The Tesla Full Self-Driving class action lawsuit was filed after the California Department of Motor Vehicles alleged there were problems with Tesla's marketing materials for its vehicles.

The DMV said it had issues with Tesla's advertising regarding Autopilot and Full Self-Driving Capability and how those terms were used to sell vehicles.

The California DMV referenced this statement from Tesla:

"The system is designed to be able to conduct short and long-distance trips with no action required by the person in the driver’s seat."

California also saw problems with this claim:

"From Home – All you will need to do is get in and tell your car where to go. If you don’t say anything, your car will look at your calendar and take you there as the assumed destination. Your Tesla will figure out the optimal route, navigating urban streets, complex intersections and freeways."

And once a vehicle reached its destination:

"When you arrive at your destination, simply step out at the entrance and your car will enter park seek mode, automatically search for a spot and park itself. A tap on your phone summons it back to you."

The class action lawsuit contends those self-driving descriptions represent the vehicles as autonomous when they aren't.

Florida plaintiff Christopher Mallow filed the lawsuit after he purchased a new 2020 Model 3 Tesla Performance Edition in November 2019 and paid an additional $7,000 for the “Full Self-Driving Capability” option.

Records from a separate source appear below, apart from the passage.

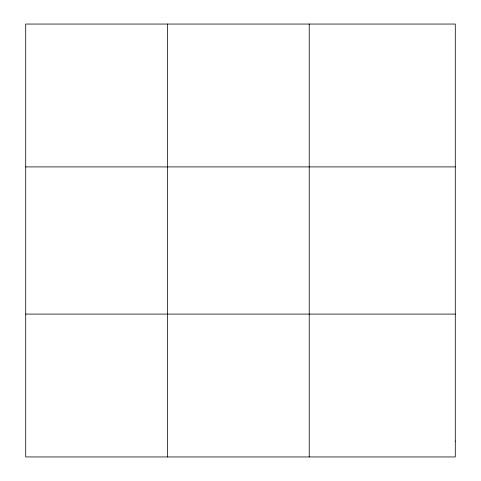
<?xml version="1.0" encoding="UTF-8"?>
<svg xmlns="http://www.w3.org/2000/svg" width="481" height="481" viewBox="0 0 481 481"><rect width="100%" height="100%" fill="white"/><g stroke="black" fill="none" stroke-linecap="round" stroke-linejoin="round"><path stroke-width="0.72" d="M167.472 24.05L167.472 456.95M309.229 24.05L309.229 456.95M25.715 166.907L455.285 166.907M25.715 314.093L455.285 314.093M455.285 441.077L455.285 456.95L25.715 456.95L25.715 24.05L455.285 24.05L455.285 441.077"/></g></svg>
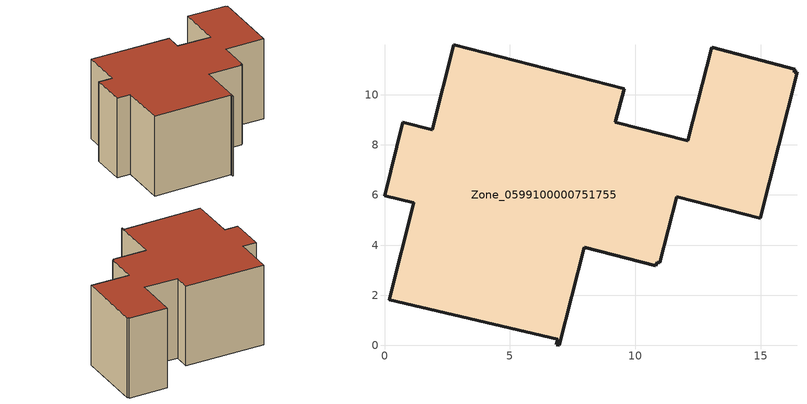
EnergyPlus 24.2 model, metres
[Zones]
Zone_0599100000751755
 floor ground (C_G): 1.17,5.69 0,5.98 0.74,8.9 1.9,8.6 2.77,12 9.56,10.25 9.21,8.9 12.1,8.15 13.06,11.88 16.37,11.02 16.34,10.9 16.45,10.89 14.98,5.08 11.65,5.92 10.98,3.29 10.87,3.32 10.83,3.18 7.96,3.9 6.96,0 6.86,0.03 6.91,0.24 0.18,1.83 z0
 wall outside (C_F): 16.37,11.02 13.06,11.88 12.1,8.15 9.21,8.9 9.56,10.25 2.77,12 1.9,8.6 0.74,8.9 0,5.98 1.17,5.69 0.18,1.83 6.91,0.24 6.86,0.03 6.96,0 7.96,3.9 10.83,3.18 10.87,3.32 10.98,3.29 11.65,5.92 14.98,5.08 16.45,10.89 16.34,10.9 16.37,11.02 z0:7.22
 roof outside (C_R): 6.96,0 7.96,3.9 10.83,3.18 10.87,3.32 10.98,3.29 11.65,5.92 14.98,5.08 16.45,10.89 16.34,10.9 16.37,11.02 13.06,11.88 12.1,8.15 9.21,8.9 9.56,10.25 2.77,12 1.9,8.6 0.74,8.9 0,5.98 1.17,5.69 0.18,1.83 6.91,0.24 6.86,0.03 z7.22
[BUILDING]
Pand.0599100000751755: North Axis=0; Terrain=City; Loads Convergence Tolerance Value=0.04; Temperature Convergence Tolerance Value=0.4; Solar Distribution=FullExterior; Maximum Number of Warmup Days=25; Minimum Number of Warmup Days=1
[Site:Location]
Rotterdam.The.Hague.AP_ZH_NLD Design_Conditions: Latitude=51.96; Longitude=4.45; Time Zone=1; Elevation=-4.5
[SITE:GROUNDTEMPERATURE:BUILDINGSURFACE]
18, 18, 18, 18, 18, 18, 18, 18, 18, 18, 18, 18
[MATERIAL] Thermal Absorptance=0.9; Solar Absorptance=0.7; Visible Absorptance=0.7
Name | Roughness | Thickness | Conductivity | Density | Specific Heat
G.D.2006-2014 | MediumSmooth | 0.15 | 0.06 | 540 | 1210
F.D.2006-2014 | Rough | 0.3 | 0.12 | 1920 | 840
R.D.2006-2014 | MediumRough | 0.2 | 0.08 | 1500 | 1000
[CONSTRUCTION]
C_G: G.D.2006-2014
C_F: F.D.2006-2014
C_R: R.D.2006-2014
[ZONE]
Zone_0599100000751755: Type=1; Multiplier=1; Ceiling Height=Autocalculate; Volume=Autocalculate; Floor Area=autocalculate; Part of Total Floor Area=Yes
[ZONEINFILTRATION:DESIGNFLOWRATE]
Infil_Zone_0599100000751755: Zone or ZoneList or Space or SpaceList=Zone_0599100000751755; Schedule=AlwaysOn; Design Flow Rate Calculation Method=Flow/Area; Flow Rate per Floor Area=0.0021; Constant Term Coefficient=1; Temperature Term Coefficient=0; Velocity Term Coefficient=0; Velocity Squared Term Coefficient=0
[HVACTEMPLATE:ZONE:IDEALLOADSAIRSYSTEM]
Zone_0599100000751755: Maximum Heating Supply Air Temperature=50; Minimum Cooling Supply Air Temperature=13; Maximum Heating Supply Air Humidity Ratio=0.0156; Minimum Cooling Supply Air Humidity Ratio=0.0077; Heating Limit=NoLimit; Cooling Limit=NoLimit; Dehumidification Control Type=ConstantSensibleHeatRatio; Cooling Sensible Heat Ratio=0.7; Dehumidification Setpoint=60; Humidification Control Type=None; Humidification Setpoint=30; Outdoor Air Method=None; Outdoor Air Flow Rate per Person=0.00944; Outdoor Air Flow Rate per Zone Floor Area=0; Outdoor Air Flow Rate per Zone=0; Demand Controlled Ventilation Type=None; Outdoor Air Economizer Type=NoEconomizer; Heat Recovery Type=None; Sensible Heat Recovery Effectiveness=0.7; Latent Heat Recovery Effectiveness=0.65
[ZONECONTROL:THERMOSTAT]
ThermostatControl_Zone_0599100000751755: Zone or ZoneList=Zone_0599100000751755; Control Type Schedule=DualSetpointControlType; Control 1=Thermostat_Zone_0599100000751755; Temperature Difference Between Cutout And Setpoint=0
[THERMOSTATSETPOINT:DUALSETPOINT]
Thermostat_Zone_0599100000751755: Heating Setpoint Temperature Schedule=HeatingSetpoint_Zone_0599100000751755; Cooling Setpoint Temperature Schedule=CoolingSetpoint_Zone_0599100000751755
[SCHEDULE:COMPACT]
HeatingSetpoint_Zone_0599100000751755: Through: 12/31, For: AllDays, Until: 24:00, 21
CoolingSetpoint_Zone_0599100000751755: Through: 12/31, For: AllDays, Until: 24:00, 24
DualSetpointControlType: Through: 12/31, For: AllDays, Until: 24:00, 4
AlwaysOn: Through: 12/31, For: AllDays, Until: 24:00, 1
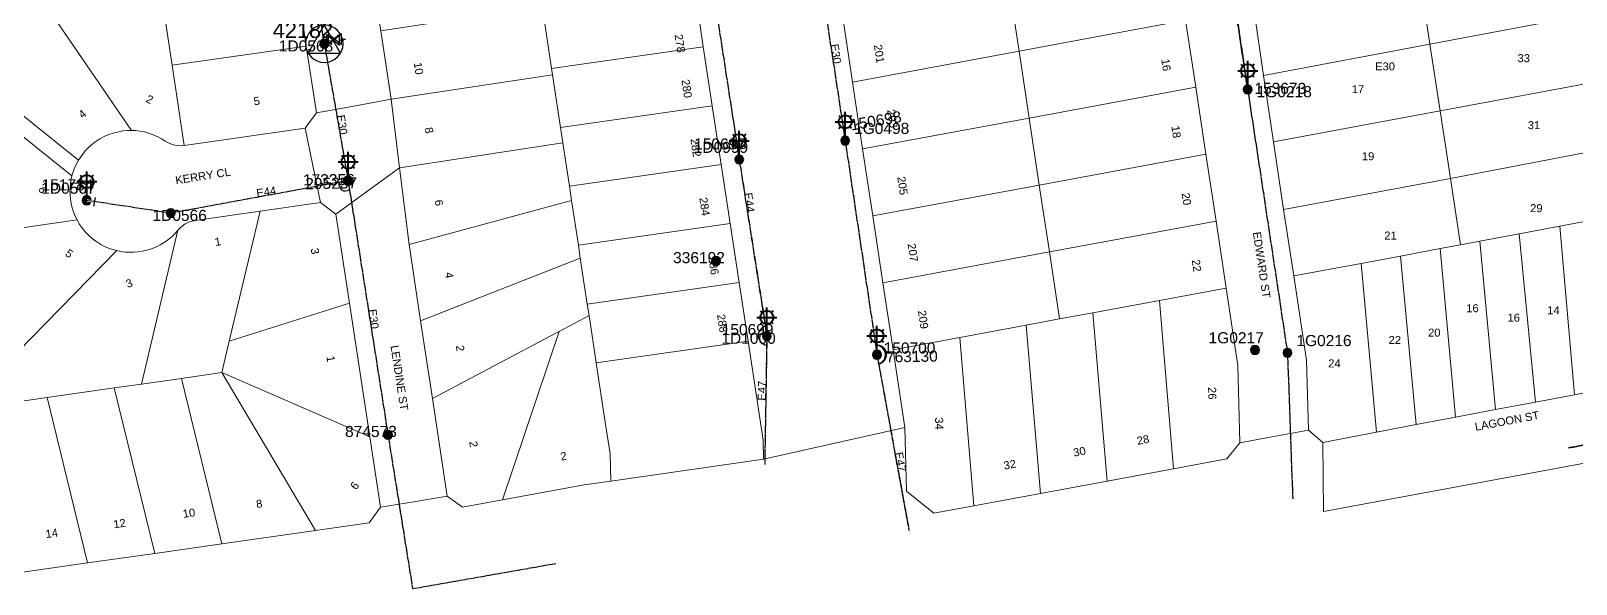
# Model space of a CAD drawing. Header units: metres. Extents: x 303026 to 304293, y 6173158 to 6174419.
# Drawn here: x 303503.1 to 303850.8, y 6173438.3 to 6173562.9 of the extents above; entities that cross this region are included whole.
import ezdxf
from ezdxf import colors
from ezdxf.entities.mleader import LeaderData, LeaderLine
from ezdxf.enums import TextEntityAlignment as Align
from ezdxf.math import Vec2, Vec3

# ---------------------------------------------------------------- set-up
doc = ezdxf.new("R2010")
doc.units = ezdxf.units.M
doc.linetypes.add('Cable Exist OH', pattern=[1, 1, 0])
doc.layers.get('0').update_dxf_attribs({"color": 6})
for name, color, linetype, lineweight in [('Cadastre Buildings_SP_EXT', 9, 'Continuous', 5), ('Cadastre Land Parcels_SP_EXT', 9, 'Continuous', 5), ('Cadastre Roads_SP_EXT', 9, 'Continuous', 5)]:
    doc.layers.add(name, color=color, linetype=linetype, lineweight=lineweight)
for name, color, linetype in [('Equip_LV_EXT', 7, 'Continuous'), ('Equip_SP_SL_EXT', 7, 'Continuous'), ('Mains_HV_EXT', 7, 'Continuous'), ('Mains_LV_EXT', 7, 'Continuous'), ('Mains_SL_EXT', 7, 'Continuous'), ('Notes_SP_MISC', 7, 'Continuous'), ('Sub_SP_TR_HV_LV_EXT', 7, 'Continuous'), ('SupportsOH_SP_TR_HV_LV_SL_EXT', 7, 'Continuous')]:
    doc.layers.add(name, color=color, linetype=linetype)
doc.styles.add('iecARIAL', font='arial.ttf', dxfattribs={"height": 2})
doc.styles.add('POLE_LABEL', font='arial.ttf')
doc.styles.get("Standard").update_dxf_attribs({"font": 'arial.ttf'})

# ---------------------------------------------------------------- blocks, each defined once
blk = doc.blocks.new('SUB_POLE_EXT')
blk.add_wipeout([(0, 4.22), (0.42, 4.2), (0.83, 4.14), (1.21, 4.05), (1.62, 3.9), (1.99, 3.72), (2.35, 3.51), (2.68, 3.26), (2.99, 2.99), (3.28, 2.66), (3.52, 2.34), (3.76, 1.92), (3.9, 1.62), (4.04, 1.23), (4.18, 0.63), (4.22, 0), (4.18, -0.61), (4.06, -1.15), (3.9, -1.62), (3.58, -2.24), (3.22, -2.73), (2.97, -3.01), (2.68, -3.26), (2.36, -3.5), (2, -3.72), (1.64, -3.89), (1.25, -4.03), (0.82, -4.14), (0.42, -4.2), (0, -4.22), (-0.41, -4.2), (-0.8, -4.15), (-1.21, -4.05), (-1.62, -3.9), (-1.99, -3.73), (-2.35, -3.51), (-2.68, -3.26), (-2.96, -3.02), (-3.23, -2.72), (-3.51, -2.35), (-3.71, -2.01), (-3.91, -1.6), (-4.05, -1.21), (-4.16, -0.76), (-4.22, -0.14), (-4.21, 0.39), (-4.14, 0.83), (-4.03, 1.27), (-3.9, 1.63), (-3.71, 2.02), (-3.5, 2.37), (-3.28, 2.67), (-2.99, 2.99), (-2.68, 3.27), (-2.33, 3.52), (-1.98, 3.73), (-1.63, 3.9), (-1.2, 4.05), (-0.78, 4.15), (-0.4, 4.21)])
blk.add_line((2.16, 0.48), (2.16, 0.48, 0))
blk.add_lwpolyline([(-4.22, 0, 1), (4.22, 0, 1)], format="xyb", close=True)
blk.add_lwpolyline([(2.14, 0.52), (0, 4.22), (-3.66, -2.11), (3.66, -2.11)], close=True)
for tag, height, flags, p in [('ASSET_NUM', 3.5, 8, (2, 2)), ('STREET_CODE', 0.2, 9, (1.5, 0)), ('CONSTRUCTED_VOLTAGE', 0.2, 9, (1.5, -0.2)), ('OPERATING_VOLTAGE', 0.2, 9, (1.5, -0.6)), ('OPERATED_BY', 0.2, 9, (1.5, -0.8)), ('ORIENTATION', 0.2, 9, (1.5, -1.2)), ('OWNED_BY', 0.2, 9, (1.5, -1.4)), ('SECONDARY_VOLTAGE', 0.2, 9, (1.5, -1.6)), ('STATE', 0.2, 9, (1.5, -1.8)), ('SUBSTATION_TYPE', 0.2, 9, (1.5, -2)), ('STREETNAME', 0.2, 9, (1.5, -2.8)), ('SUBURB', 0.2, 9, (1.5, -3)), ('Z', 0.2, 1, (1.5, -3.4)), ('NO_PHASES', 0.2, 9, (1.5, -0.4)), ('MAINTAINED_BY', 0.2, 9, (1.5, -1)), ('USAGE', 0.2, 9, (1.5, -2.2)), ('LEGEND', 0.2, 9, (1.5, -2.4)), ('LOCATION', 0.2, 9, (1.5, -2.6)), ('NOTES', 0.2, 9, (1.5, -3.2))]:
    blk.add_attdef(tag, text='', height=height, dxfattribs=dict(flags=flags)).set_placement(p, align=Align.MIDDLE_LEFT)
blk = doc.blocks.new('LV_OH_LINKS_DISTFUSE_EXT')
for p, q in [((0, 0), (0.96, 0)), ((3.84, 0), (4.8, 0))]:
    blk.add_line(p, q)
blk.add_lwpolyline([(3.84, -1.2), (3.84, 1.2), (0.96, -1.2), (0.96, 1.2)], close=True)
at = {"flags": 9}
for tag, p in [('ACTUAL_STATUS', (0, 0)), ('CONSTRUCTED_VOLTAGE', (0, -0.2)), ('OPERATING_VOLTAGE', (0, -0.6)), ('ORIENTATION', (0, -0.8)), ('OWNED_BY', (0, -1)), ('STATE', (0, -1.2)), ('SWITCH_TYPE', (0, -1.4)), ('NO_PHASES', (0, -0.4)), ('USAGE', (0, -1.6)), ('NOTES', (0, -1.8))]:
    blk.add_attdef(tag, text='', height=0.2, dxfattribs=at).set_placement(p, align=Align.MIDDLE_LEFT)
at = {"flags": 1}
blk.add_attdef('Z', (0, 0), '', height=0.2, dxfattribs=at)
blk = doc.blocks.new('SL_LANTERN_EXT')
at = {"lineweight": 40}
for p, q in [((-2.25, 4.22), (2.25, 4.22)), ((-1.46, 5.68), (-1.06, 5.28)), ((0, 1.97), (0, 6.47)), ((1.46, 5.68), (1.06, 5.28)), ((-1.46, 2.76), (-1.06, 3.16)), ((0, 0), (0, 2.72)), ((1.46, 2.76), (1.06, 3.16))]:
    blk.add_line(p, q, dxfattribs=at)
blk.add_circle((0, 4.22), 1.5, dxfattribs=at)
at = {"style": 'iecARIAL', "flags": 8}
blk.add_attdef('ASSET_NUM', (1.5, 1.5), '', height=2.5, dxfattribs=at)
for tag, p, height, flags in [('OPERATING_VOLTAGE', (0.98, -1.65), 0.2, 9), ('ORIENTATION', (0.98, -1.85), 0.2, 9), ('OWNED_BY', (0.98, -2.05), 0.2, 9), ('STATE', (0.98, -2.25), 0.2, 9), ('CONSTRUCTED_VOLTAGE', (0.98, -0.65), 0.2, 9), ('CONTROL_TYPE', (0.98, -0.85), 0.2, 9), ('LANTERN_PURPOSE', (0.98, -1.05), 0.2, 9), ('LANTERN_TYPE', (0.98, -1.25), 0.2, 9), ('NO_PHASES', (0.98, -1.45), 0.2, 9), ('USAGE', (0.98, -2.45), 0.2, 9), ('CEXIST', (0.98, -2.65), 0.2, 9), ('CNEW', (0.98, -2.85), 0.2, 9), ('CNUMBER', (0.98, -3.05), 0.2, 9), ('CREMOVE', (0.98, -3.25), 0.2, 9), ('CREPLACE', (0.98, -3.45), 0.2, 9), ('LKINGHEIGHT', (0.98, -3.65), 0.2, 9), ('LNUMBER', (2.18, -3.25), 2.5, 8), ('LBRACKET', (0.98, -3.85), 0.2, 9), ('LBRACKETVOCAB', (0.98, -4.05), 0.2, 9), ('LCATEGORY', (0.98, -4.25), 0.2, 9), ('LCHARGE1', (0.98, -4.45), 0.2, 9), ('LCHARGE1PERCENT', (0.98, -4.65), 0.2, 9), ('LCHARGE2', (0.98, -4.85), 0.2, 9), ('LCHARGE2PERCENT', (0.98, -5.05), 0.2, 9), ('LCHARGE3', (0.98, -5.25), 0.2, 9), ('LCHARGE3PERCENT', (0.98, -5.45), 0.2, 9), ('LEXIST', (0.98, -5.65), 0.2, 9), ('LLAMP', (0.98, -5.85), 0.2, 9), ('LLAMPVOCAB', (0.98, -6.05), 0.2, 9), ('LMAST', (0.98, -6.25), 0.2, 9), ('LMASTVOCAB', (0.98, -6.45), 0.2, 9), ('LNEW', (0.98, -6.65), 0.2, 9), ('LANTNUMBER', (0.98, -6.85), 0.2, 9), ('STREETNAME', (0.98, -9.25), 0.2, 9), ('SUBURB', (0.98, -9.45), 0.2, 1), ('LOUTREACH', (0.98, -7.25), 0.2, 9), ('LOUTREACHVOCAB', (0.98, -7.45), 0.2, 9), ('LRATECODE', (0.98, -7.65), 0.2, 9), ('LREMOVE', (0.98, -7.85), 0.2, 9), ('LREPLACE', (0.98, -8.05), 0.2, 9), ('LTYPE', (0.98, -8.25), 0.2, 9), ('LTYPEVOCAB', (0.98, -8.45), 0.2, 9), ('LEGEND', (0.98, -8.65), 0.2, 9), ('LOCATION', (0.98, -8.85), 0.2, 9), ('NOTES', (0.98, -9.05), 0.2, 9)]:
    blk.add_attdef(tag, p, '', height=height, dxfattribs=dict(flags=flags))
blk = doc.blocks.new('POLE_EXT')
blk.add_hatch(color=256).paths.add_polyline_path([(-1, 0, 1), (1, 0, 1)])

According to the plaintiff, Tesla has continually made deceptive and misleading statements about the capabilities of Autopilot and Full Self-Driving, especially on its website.

The plaintiff alleges customers have not received vehicles capable of “full self-driving in almost all circumstances," and that could “conduct short and long distance trips with no action required by the person in the driver's seat” and with a “probability of safety at least twice as good as the average human driver.”

The Tesla Full Self-Driving lawsuit was filed in the U.S. District Court for the Northern District of California: Christopher Mallow v. Tesla, Inc., et al.

The plaintiff is represented by Casey Gerry Schenk Francavilla Blatt & Penfield.